LS: In your estimation, how accurate was Ms. Pascale’s account of what happened in the ER while she was… unconscious?
EY: She wasn’t unconscious, dear, she was dead. Accurate—oh, my, yes—she was accurate (rubs her arms)! It still gives me chills, just to think about it. The conversation between Dr. Mead and Dr. Harris was practically word for word; the instructions to the nurses (shakes her head)… unbelievable.
LS: Yes. You were one of the trauma nurses, then.
EY: (nodding vigorously) I was with Julie from the time she came into ER until she left ICU.
LS: Think about this for a moment, Mrs. Yamaguchi. UCD is a teaching institution. Isn’t it possible Julie Pascale overheard a team of doctors going over her case history as she was regaining consciousness in ICU?
EY: Her case history—very possibly. But not the conversations and arguments that took place in the ER. No, ma’am. Doctors don’t hash over arguments on rounds. They discuss treatment, progress, prognosis.
LS: What about the nurses?
EY: I don’t know if you’ve ever been in intensive care, Ms. Shaw, but nurses don’t gossip in the patient’s rooms. That only happens in soap operas.

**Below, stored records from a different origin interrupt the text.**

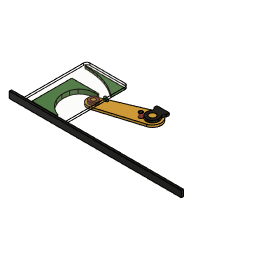
Arpione - Metodo Geometrico [NEW] v2 (Autodesk Fusion 360 design; units mm, degrees)
Autodesk Fusion 360 part; units mm, degrees
sketch "Manovella + Catena" plane through (0, 0, 0) normal (0, 0, 1) x (1, 0, 0)
  circle A0 centre (0, 0) radius 14.5
  line L0 (0, 0) -> (-101.6567, -37)
  circle A1 centre (-101.6567, -37) radius 10
  circle A2 centre (-101.6567, -37) radius 15
  circle A3 centre (0, 0) radius 20.5
  line L1 (-107.497, -23.1837) -> (-7.9817, 18.8823)
  line L2 (-97.2496, -51.338) -> (6.023, -19.5953)
  circle A4 centre (-101.6567, -37) radius 5
  circle A5 centre (0, 0) radius 7.5
  line L3 (-38.7092, -123.6808) -> (196.3889, -123.6808)
  line L4 (-38.7092, -128.6808) -> (196.3889, -128.6808)
  line L5 (196.3889, -128.6808) -> (196.3889, -123.6808)
  line L6 (-99.9998, -123.6808) -> (-207.841, -123.6808)
  line L7 (-207.841, -128.6808) -> (-207.841, -123.6808)
  line L8 (0, 0) -> (6.023, -19.5953) construction
  line L9 (-7.9817, 18.8823) -> (0, 0) construction
  line L10 (0, 0) -> (0, 20.5) construction
  line L11 (-99.9998, -123.6808) -> (-99.9998, -128.6808) construction
  line L12 (-207.841, -128.6808) -> (-99.9998, -128.6808)
  line L13 (-99.9998, -123.6808) -> (-38.7092, -123.6808)
  line L14 (-38.7092, -123.6808) -> (-38.7092, -128.6808) construction
  line L15 (-99.9998, -128.6808) -> (-38.7092, -128.6808)
  line L16 (0, 0) -> (-0.6635, -0.2415)
  line L17 (0, 0) -> (-15.5734, -11.7354)
  circle A6 centre (-15.5734, -11.7354) radius 2.5
  circle A7 centre (-15.5734, -11.7354) radius 4.5
  line L18 (-52.6515, 0) -> (0, 0) construction
  circle A8 centre (-101.6567, -37) radius 13 construction
  line L19 (0, 0) -> (0, -19.5) construction
  circle A9 centre (0, -19.5) radius 4.5 construction
  line L20 (0, -24) -> (-101.6567, -24) construction
  line L21 (-101.6567, -37) -> (-115.7521, -42.1303) construction
  circle A10 centre (0, 0) radius 123.1808 construction
  line L22 (0.0515, -123.1808) -> (0.0515, -123.6808)
  dimension "d1" = 29
  dimension "d8" = 20
  dimension "d43" = 0
  dimension "d44" = 0
  dimension "d45" = 0
  dimension "d46" = 0
  dimension "d197" = 5
  dimension "d198" = 6
  dimension "d199" = -5
  dimension "d200" = -7
  dimension "d312" = 5
  dimension "d449" = 23.372
  dimension "d648" = 19.5
  dimension "d650" = 17
  dimension "d651" = 5
  dimension "d653" = 9
  dimension "d654" = 20
  dimension "d655" = 3
  dimension "d656" = 85.4786
  dimension "d658" = 0.5
  constraint coincident A0.centre L0.start
  constraint coincident L0.end A1.centre
  constraint coincident A2 L1.start
  constraint coincident A3 L1.end
  constraint tangent A3 L1
  constraint tangent A2 L1
  constraint coincident A2 L2.start
  constraint coincident A3 L2.end
  constraint tangent A3 L2
  constraint tangent A2 L2
  constraint perpendicular L3 L5
  constraint coincident L3 L13.end
  constraint horizontal L3
  constraint horizontal L4
  constraint perpendicular L6 L7
  constraint coincident A3 L10.end
  constraint vertical L10
  constraint perpendicular L4 L11
  constraint horizontal L12
  constraint perpendicular L4 L14
  constraint horizontal L15
  constraint coincident L0 L16.end
  constraint coincident L17.end A6.centre
  constraint concentric A6 A7
  constraint horizontal L18
  constraint coincident L1 L18.start
  constraint vertical L19
  constraint equal L17 L19
  constraint coincident L19.end A9.centre
  constraint equal A7 A9
  constraint horizontal L20
  constraint tangent A9 L20
  constraint coincident A9 L20.start
  constraint tangent A8 L20
  constraint coincident A8 L20.end
  constraint coincident A2 L21.end
  constraint collinear L0 L21
  constraint coincident L21.end A10
  constraint coincident A10 L22.start
  constraint coincident L3 L22.end
  constraint perpendicular L3 L22
  measures "d1" diameter of A0
  measures "d8" diameter of A1
  measures "d312" distance of L3.end L4.end
  measures "d540" distance of A0.centre
  measures "d648" distance of A0.centre L17.end
  measures "d650" angle of L0 L17
  measures "d651" diameter of A6
  measures "d653" diameter of A7
  measures "d654" angle of L0 L18
  measures "d658" distance of L22.start L22.end
sketch "Curva Principale" plane through (0, 0, 0) normal (0, 0, 1) x (1, 0, 0)
  circle A0 centre (0, 0) radius 14.5
  circle A1 centre (-101.6567, -37) radius 10
  line L0 (0, 0) -> (-101.6567, -37)
  line L1 (0, 0) -> (-300, 0) construction
  line L2 (-10, 0) -> (-111.5208, -37.3713) construction
  line L3 (-20, 0) -> (-120.62, -39.7327) construction
  line L4 (-30, 0) -> (-128.2041, -45.3766) construction
  line L5 (-40, 0) -> (-133.2404, -54.8571) construction
  line L6 (-50, 0) -> (-134.4276, -67.6392) construction
  line L7 (-60, 0) -> (-130.2578, -82.2613) construction
  line L8 (-70, 0) -> (-119.9523, -95.9575) construction
  line L9 (-80, 0) -> (-103.6726, -105.5589) construction
  circle A2 centre (-111.5208, -37.3713) radius 10 construction
  circle A3 centre (-120.62, -39.7327) radius 10 construction
  circle A4 centre (-128.2041, -45.3766) radius 10 construction
  circle A5 centre (-133.2404, -54.8571) radius 10 construction
  circle A6 centre (-134.4276, -67.6392) radius 10 construction
  circle A7 centre (-130.2578, -82.2613) radius 10 construction
  circle A8 centre (-119.9523, -95.9575) radius 10 construction
  circle A9 centre (-103.6726, -105.5589) radius 10 construction
  line L10 (-165.6808, -117.9148) -> (-165.6808, 0)
  line L11 (-101.6567, -37) -> (-92.2597, -33.5798) construction
  line L12 (-101.6567, -37) -> (-105.0769, -27.6031) construction
  line L13 (-111.5208, -37.3713) -> (-114.9753, -27.9869) construction
  line L14 (-111.5208, -37.3713) -> (-120.9051, -40.8258) construction
  line L15 (-120.62, -39.7327) -> (-129.9211, -43.4055) construction
  line L16 (-120.62, -39.7327) -> (-124.2928, -30.4316) construction
  line L17 (-128.2041, -45.3766) -> (-137.2818, -49.5712) construction
  line L18 (-133.2404, -54.8571) -> (-141.8594, -59.9279) construction
  line L19 (-133.2404, -54.8571) -> (-138.3113, -46.2381) construction
  line L20 (-134.4276, -67.6392) -> (-142.2319, -73.8917) construction
  line L21 (-134.4276, -67.6392) -> (-140.68, -59.8349) construction
  line L22 (-130.2578, -82.2613) -> (-136.7523, -89.8654) construction
  line L23 (-130.2578, -82.2613) -> (-137.8618, -75.7668) construction
  line L24 (-119.9523, -95.9575) -> (-109.1547, -75.2156) construction
  line L25 (-109.1547, -75.2156) -> (-124.5698, -104.8276) construction
  line L26 (-119.9523, -95.9575) -> (-128.8224, -91.34) construction
  line L27 (-103.6726, -105.5589) -> (-105.8608, -115.3166) construction
  line L28 (-103.6726, -105.5589) -> (-113.4302, -103.3707) construction
  line L29 (-128.2041, -45.3766) -> (-132.3986, -36.2989) construction
  line L30 (-102.4867, -27.0345) -> (-102.4867, -23.9148)
  line L31 (-102.4867, -23.9148) -> (-165.6808, -23.9148)
  line L32 (-107.506, -117.9148) -> (-165.6808, -117.9148)
  spline S0 degree 5 poles (-102.4867, -27.0345) (-102.9803, -27.0181) (-103.9715, -26.994) (-105.4699, -26.9842) (-107.4912, -27.0236) (-110.0566, -27.1642) (-112.6596, -27.4066) (-115.2977, -27.7716) (-117.9665, -28.2935) (-120.6573, -29.0126) (-123.3546, -29.9669) (-126.0334, -31.1852) (-128.6561, -32.6772) (-131.1759, -34.4349) (-133.5437, -36.4389) (-135.715, -38.6632) (-137.6558, -41.081) (-139.3501, -43.6698) (-140.7956, -46.4106) (-141.9983, -49.2867) (-142.9681, -52.2823) (-143.7134, -55.3813) (-144.2371, -58.5657) (-144.538, -61.8174) (-144.6118, -65.1181) (-144.4531, -68.4506) (-144.0563, -71.7998) (-143.4169, -75.1531) (-142.532, -78.4992) (-141.4009, -81.8266) (-140.0249, -85.1225) (-138.4082, -88.3709) (-136.5584, -91.5515) (-134.4857, -94.6403) (-132.202, -97.6115) (-129.7196, -100.4395) (-127.0505, -103.101) (-124.2053, -105.5765) (-121.1919, -107.8525) (-118.0161, -109.9209) (-114.6816, -111.7773) (-111.889, -113.0913) (-109.7246, -113.9805) (-108.2507, -114.5306) (-107.506, -114.795) knots 0 0 0 0 0 0 0.025 0.05 0.075 0.1 0.125 0.15 0.175 0.2 0.225 0.25 0.275 0.3 0.325 0.35 0.375 0.4 0.425 0.45 0.475 0.5 0.525 0.55 0.575 0.6 0.625 0.65 0.675 0.7 0.725 0.75 0.775 0.8 0.825 0.85 0.875 0.9 0.925 0.95 0.975 1 1 1 1 1 1
  line L33 (-102.4867, -27.0345) -> (-165.6808, -27.0345) construction
  line L34 (-107.506, -114.795) -> (-107.506, -117.9148)
  line L35 (-107.506, -114.795) -> (-165.6808, -114.795) construction
  line L36 (-102.4867, -27.0345) -> (-101.6567, -37) construction
  line L37 (-112.7142, -27.4428) -> (-111.5208, -37.3713) construction
  line L38 (-135.8335, -38.9121) -> (-128.2041, -45.3766)
  line L39 (-142.8322, -52.029) -> (-133.2404, -54.8571)
  line L40 (-144.4026, -68.3455) -> (-134.4276, -67.6392)
  line L41 (-130.2578, -82.2613) -> (-139.4301, -86.2449)
  line L42 (-119.9523, -95.9575) -> (-126.7298, -103.3105)
  line L43 (-107.506, -114.795) -> (-103.6726, -105.5589)
  point P0 (-10, 0)
  point P1 (-20, 0)
  point P2 (-30, 0)
  point P3 (-40, 0)
  point P4 (-50, 0)
  point P5 (-60, 0)
  point P6 (-70, 0)
  point P7 (-80, 0)
  point P8 (-112.7142, -27.4428)
  point P9 (-124.2928, -30.4316)
  point P10 (-135.8335, -38.9121)
  point P11 (-142.8322, -52.029)
  point P12 (-144.4026, -68.3455)
  point P13 (-139.4301, -86.2449)
  point P14 (-126.7298, -103.3105)
  dimension "d616" = 10
  dimension "d617" = 10
  dimension "d618" = 10
  dimension "d619" = 10
  dimension "d620" = 10
  dimension "d621" = 10
  dimension "d622" = 10
  dimension "d623" = 10
  dimension "d625" = 20
  dimension "d626" = 20.209
  dimension "d627" = 21.548
  dimension "d628" = 24.8
  dimension "d629" = 30.47
  dimension "d630" = 38.7
  dimension "d631" = 49.5
  dimension "d632" = 62.5
  dimension "d633" = 77.36
  dimension "d686" = 94
  constraint coincident A0.centre L0.start
  constraint horizontal L1
  constraint coincident L1 P0
  constraint coincident L1 P1
  constraint coincident L1 P2
  constraint coincident L1 P3
  constraint coincident L1 P4
  constraint coincident L1 P5
  constraint coincident L1 P6
  constraint coincident L1 P7
  constraint coincident P0 L2.start
  constraint coincident P1 L3.start
  constraint coincident P2 L4.start
  constraint coincident P3 L5.start
  constraint coincident P4 L6.start
  constraint coincident P5 L7.start
  constraint coincident P6 L8.start
  constraint coincident P7 L9.start
  constraint equal L0 L2
  constraint equal L2 L3
  constraint equal L3 L4
  constraint equal L4 L5
  constraint equal L5 L6
  constraint equal L6 L7
  constraint equal L7 L8
  constraint equal L8 L9
  constraint coincident L2.end A2.centre
  constraint coincident L3.end A3.centre
  constraint coincident L4.end A4.centre
  constraint coincident L5.end A5.centre
  constraint coincident L6.end A6.centre
  constraint coincident L7.end A7.centre
  constraint coincident L8.end A8.centre
  constraint coincident L9.end A9.centre
  constraint equal A1 A2
  constraint equal A2 A3
  constraint equal A3 A4
  constraint equal A4 A5
  constraint equal A5 A6
  constraint equal A6 A7
  constraint equal A7 A8
  constraint equal A8 A9
  constraint coincident L1 L10.end
  constraint vertical L10
  constraint coincident A1.centre L0.end
  constraint coincident A1 L11.end
  constraint coincident A2 L13.end
  constraint coincident A2 L14.end
  constraint coincident A3 L15.end
  constraint coincident A3 P9
  constraint coincident A4 L17.end
  constraint coincident A5 L18.end
  constraint coincident A5 L19.end
  constraint coincident A6 L20.end
  constraint coincident A6 L21.end
  constraint coincident A7 L22.end
  constraint coincident A7 L23.end
  constraint coincident A8 L25.end
  constraint coincident A8 L26.end
  constraint coincident A9 L27.end
  constraint coincident A9 L28.end
  constraint collinear L0 L11
  constraint collinear L2 L14
  constraint collinear L3 L15
  constraint collinear L4 L17
  constraint collinear L5 L18
  constraint collinear L6 L20
  constraint collinear L7 L22
  constraint collinear L8 L25
  constraint collinear L9 L27
  constraint perpendicular L27 L28
  constraint perpendicular L25 L26
  constraint perpendicular L22 L23
  constraint perpendicular L20 L21
  constraint perpendicular L18 L19
  constraint perpendicular L15 L16
  constraint coincident A4 L29.end
  constraint perpendicular L17 L29
  constraint perpendicular L13 L14
  constraint perpendicular L11 L12
  constraint coincident L10 L31.end
  constraint perpendicular L10 L31
  constraint coincident L10.start L32.end
  constraint coincident A1 L12.end
  constraint coincident A2 P8
  constraint coincident A4 P10
  constraint coincident A5 P11
  constraint coincident A6 P12
  constraint coincident A7 P13
  constraint coincident A8 P14
  constraint coincident A9 S0.end
  constraint coincident A1 L30.start
  constraint coincident L10 L33.end
  constraint perpendicular L10 L33
  constraint perpendicular L32 L34
  constraint coincident L10 L35.end
  constraint perpendicular L10 L35
  constraint equal L30 L34
  constraint vertical L30
  constraint vertical L34
  constraint coincident P8 L37.start
  constraint coincident P10 L38.start
  constraint coincident P11 L39.start
  constraint coincident P12 L40.start
  constraint coincident P13 L41.end
  constraint coincident P14 L42.end
  measures "d616" distance of A0.centre P0
  measures "d617" distance of P0 P1
  measures "d618" distance of P1 P2
  measures "d619" distance of P2 P3
  measures "d620" distance of P3 P4
  measures "d621" distance of P4 P5
  measures "d622" distance of P5 P6
  measures "d623" distance of P6 P7
  measures "d625" angle of L0 L1
  measures "d626" angle of L1 L2
  measures "d627" angle of L1 L3
  measures "d628" angle of L1 L4
  measures "d629" angle of L1 L5
  measures "d630" angle of L1 L6
  measures "d631" angle of L1 L7
  measures "d632" angle of L1 L8
  measures "d633" angle of L1 L9
  measures "d686" distance of L10.start L31.end
sketch "Curva secondaria" plane through (0, 0, 0) normal (0, 0, 1) x (1, 0, 0)
  line L0 (-100.0056, -0.0109) -> (0, 0.0109)
  circle A0 centre (-88.1799, -15.52) radius 4.5 construction
  line L1 (-80, 0) -> (-78.5176, -19.4436) construction
  circle A1 centre (-78.5176, -19.4436) radius 4.5 construction
  line L2 (-88.1799, -15.52) -> (-100, -0.0109) construction
  line L3 (-80, 0) -> (-103.6726, -105.5589)
  circle A2 centre (-103.6726, -105.5589) radius 10
  line L4 (-90, -0.0087) -> (-83.167, -18.2723) construction
  circle A3 centre (-83.167, -18.2723) radius 4.5 construction
  line L5 (-91.4991, -20.02) -> (-88.1799, -20.02) construction
  line L6 (-91.4815, -23.9436) -> (-78.5176, -23.9436) construction
  circle A4 centre (-15.5734, -11.7354) radius 4.5
  line L7 (0, 0) -> (-15.5734, -11.7354)
  line L8 (-91.5063, -22.7723) -> (-83.167, -22.7723) construction
  line L9 (-83.167, -18.2723) -> (-81.5901, -22.487) construction
  line L10 (-83.167, -18.2723) -> (-87.3817, -19.8492) construction
  line L11 (-88.1799, -15.52) -> (-85.4521, -19.0991) construction
  line L12 (-88.1799, -15.52) -> (-91.7589, -18.2478) construction
  arc A5 (-89.8544, -20.02) -> (-79.0195, -23.9436) centre (-84.6752, -22.6399) ccw
  line L13 (-89.8544, -20.02) -> (-84.2048, -22.7723)
  line L14 (-84.2048, -22.7723) -> (-79.0195, -23.9436)
  line L15 (-78.5176, -19.4436) -> (-78.1754, -23.9305) construction
  line L16 (-78.5176, -19.4436) -> (-83.0045, -19.7857) construction
  point P0 (-100, -0.0109)
  point P1 (-90, -0.0087)
  dimension "d536" = 127.3
  dimension "d638" = 73.708
  dimension "d639" = 10
  dimension "d641" = 10
  dimension "d642" = 110.5
  dimension "d649" = 17
  dimension "d657" = 36.988
  constraint coincident L1.end A1.centre
  constraint coincident L1.start L3.start
  constraint coincident A0.centre L2.start
  constraint coincident P0 L2.end
  constraint coincident L0 P0
  constraint coincident L0 P1
  constraint coincident P1 L4.start
  constraint equal L1 L4
  constraint coincident L4.end A3.centre
  constraint equal A1 A3
  constraint equal A0 A3
  constraint equal L2 L4
  constraint horizontal L5
  constraint horizontal L6
  constraint tangent A1 L6
  constraint tangent A0 L5
  constraint horizontal L8
  constraint tangent A3 L8
  constraint coincident A3 L8.end
  constraint coincident A0 L5.end
  constraint coincident A1 L6.end
  constraint coincident A3 L9.end
  constraint parallel L4 L9
  constraint coincident A3 L10.end
  constraint perpendicular L9 L10
  constraint coincident A0 L11.end
  constraint collinear L2 L11
  constraint coincident A0 L12.end
  constraint perpendicular L11 L12
  constraint coincident L6 A5.end
  constraint equal A1 A4
  constraint equal L1 L7
  constraint coincident L5 A5.start
  constraint coincident L8 L13.end
  constraint tangent A3 L13
  constraint tangent A1 L14
  constraint coincident A1 L15.end
  constraint coincident A1 L16.end
  constraint perpendicular L1 L16
  measures "d536" angle of L0 L2
  measures "d639" horizontal distance of L1.start P1
  measures "d641" horizontal distance of P0 P1
  measures "d642" angle of L0 L4
  measures "d649" angle of L1 L3
  measures "d657" angle of L0 L7
extrude "Extrude1" add sketch "Curva Principale" along normal blind 10 contours L10 L30 L31 L32 S0 L34 makes body 1 in component "Arpione_Curva1"
fillet "Fillet12" radius 0.4 2 edges at (-102.4867, -27.0345, 5) (-107.506, -114.795, 5) on bodies 1 in component "Arpione_Curva1"
extrude "Extrude1'" add sketch "Manovella + Catena" against normal blind 5 separate body contours A0 L0 A5 L17 | A0 L0 A3 L17 A7 | A0 L0 A5 L17 | A0 L0 A3 L17 A7 | L0 A5 L16 L17 | L0 A5 L16 L17 | L0 A2 A3 L2 A7 | L0 A2 A3 L1 | A3 L17 A6 A7 | A3 L17 A6 A7 | A2 | A3 A6 A7 | A3 A6 | A3 A6 | A1 | A4 makes body 2 in component "Manopola"
extrude "Extrude2" add sketch "Manovella + Catena" along normal blind 5 contours A4 bodies 2 in component "Manopola"
extrude "Extrude3" add sketch "Manovella + Catena" against normal blind 10 contours L0 A5 L16 L17 | L0 A5 L16 L17 bodies 2 in component "Manopola"
extrude "Extrude4" add sketch "Manovella + Catena" along normal blind 10 contours A3 A6 | A3 A6 bodies 2 in component "Manopola"
extrude "Extrude5" add sketch "Manovella + Catena" along normal blind 5 contours L0 A5 L16 L17 | L0 A5 L16 L17 bodies 2 in component "Manopola"
sketch "Fulcro" plane through (0, 0, 0) normal (0, 0, 1) x (1, 0, 0)
  circle A0 centre (0, 0) radius 14.5
  circle A1 centre (0, 0) radius 7.5
  line L0 (0, 0) -> (-14.5, 0)
  line L1 (0, 0) -> (14.5, 0)
  line L2 (14.5, 0) -> (14.5, 25)
  line L3 (14.5, 25) -> (-14.5, 25)
  line L4 (-14.5, 25) -> (-14.5, 0)
  line L5 (-15.5734, -11.7354) -> (0, 0)
  line L6 (0, 0) -> (15.5734, 11.7354) construction
  circle A2 centre (15.5734, 11.7354) radius 4.5 construction
  arc A3 (14.5, 17.9188) -> (14.5, 6.5018) centre (17.4303, 12.2103) ccw
  line L7 (0, 0) -> (0, 14.5) construction
  circle A4 centre (-15.5734, -11.7354) radius 4.5
  arc A5 (14.5, 0) -> (12.1494, 8.5653) centre (-2.2808, 0) ccw
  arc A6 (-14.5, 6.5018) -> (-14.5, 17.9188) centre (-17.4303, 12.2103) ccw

There was only one other person Lissa could interview who might throw some light on the Pascale story—Dr. Petra Genoa. She resisted doing that interview for the simple reason that Petra Genoa was not a reliable witness. Her credentials as a psychologist, however good they might look on paper, were contaminated by her work in parapsychology. They would still be impressive to the average reader—if someone of that stature could believe in life after death, the logic went, then might it not be true? Human beings were nothing if not enamored of possibilities.
That nagged Lissa as she attempted to compile her notes late on a Thursday evening. She knew the article wouldn’t be complete without Genoa’s input, but she couldn’t bring herself to face another immersion into the true believer mentality. It helped not at all when Ken came home puzzling over the results of his tenure as Genoa’s project monitor.
“I have to ask myself if there isn’t something here, Liss,” he said, half to himself. “Something more than can be attributed to chance and unfalsifiable predictions. With most of the subjects it’s six of one—half-dozen of the other. But this Victor Chin—his predictions have been remarkably accurate. This is fascinating. I’m hoping that when Dr. Genoa’s BPM is installed we’ll get some idea of the brain activity involved when she receives precognitive impressions.”
God, if he could only hear himself—“received precognitive impressions”! He was beginning to sound like he believed in this stuff.
“Coming to bed, Liss?”
“Huh?” She roused out of a tangle of thought and glanced at the staircase. “Uh, not just yet.”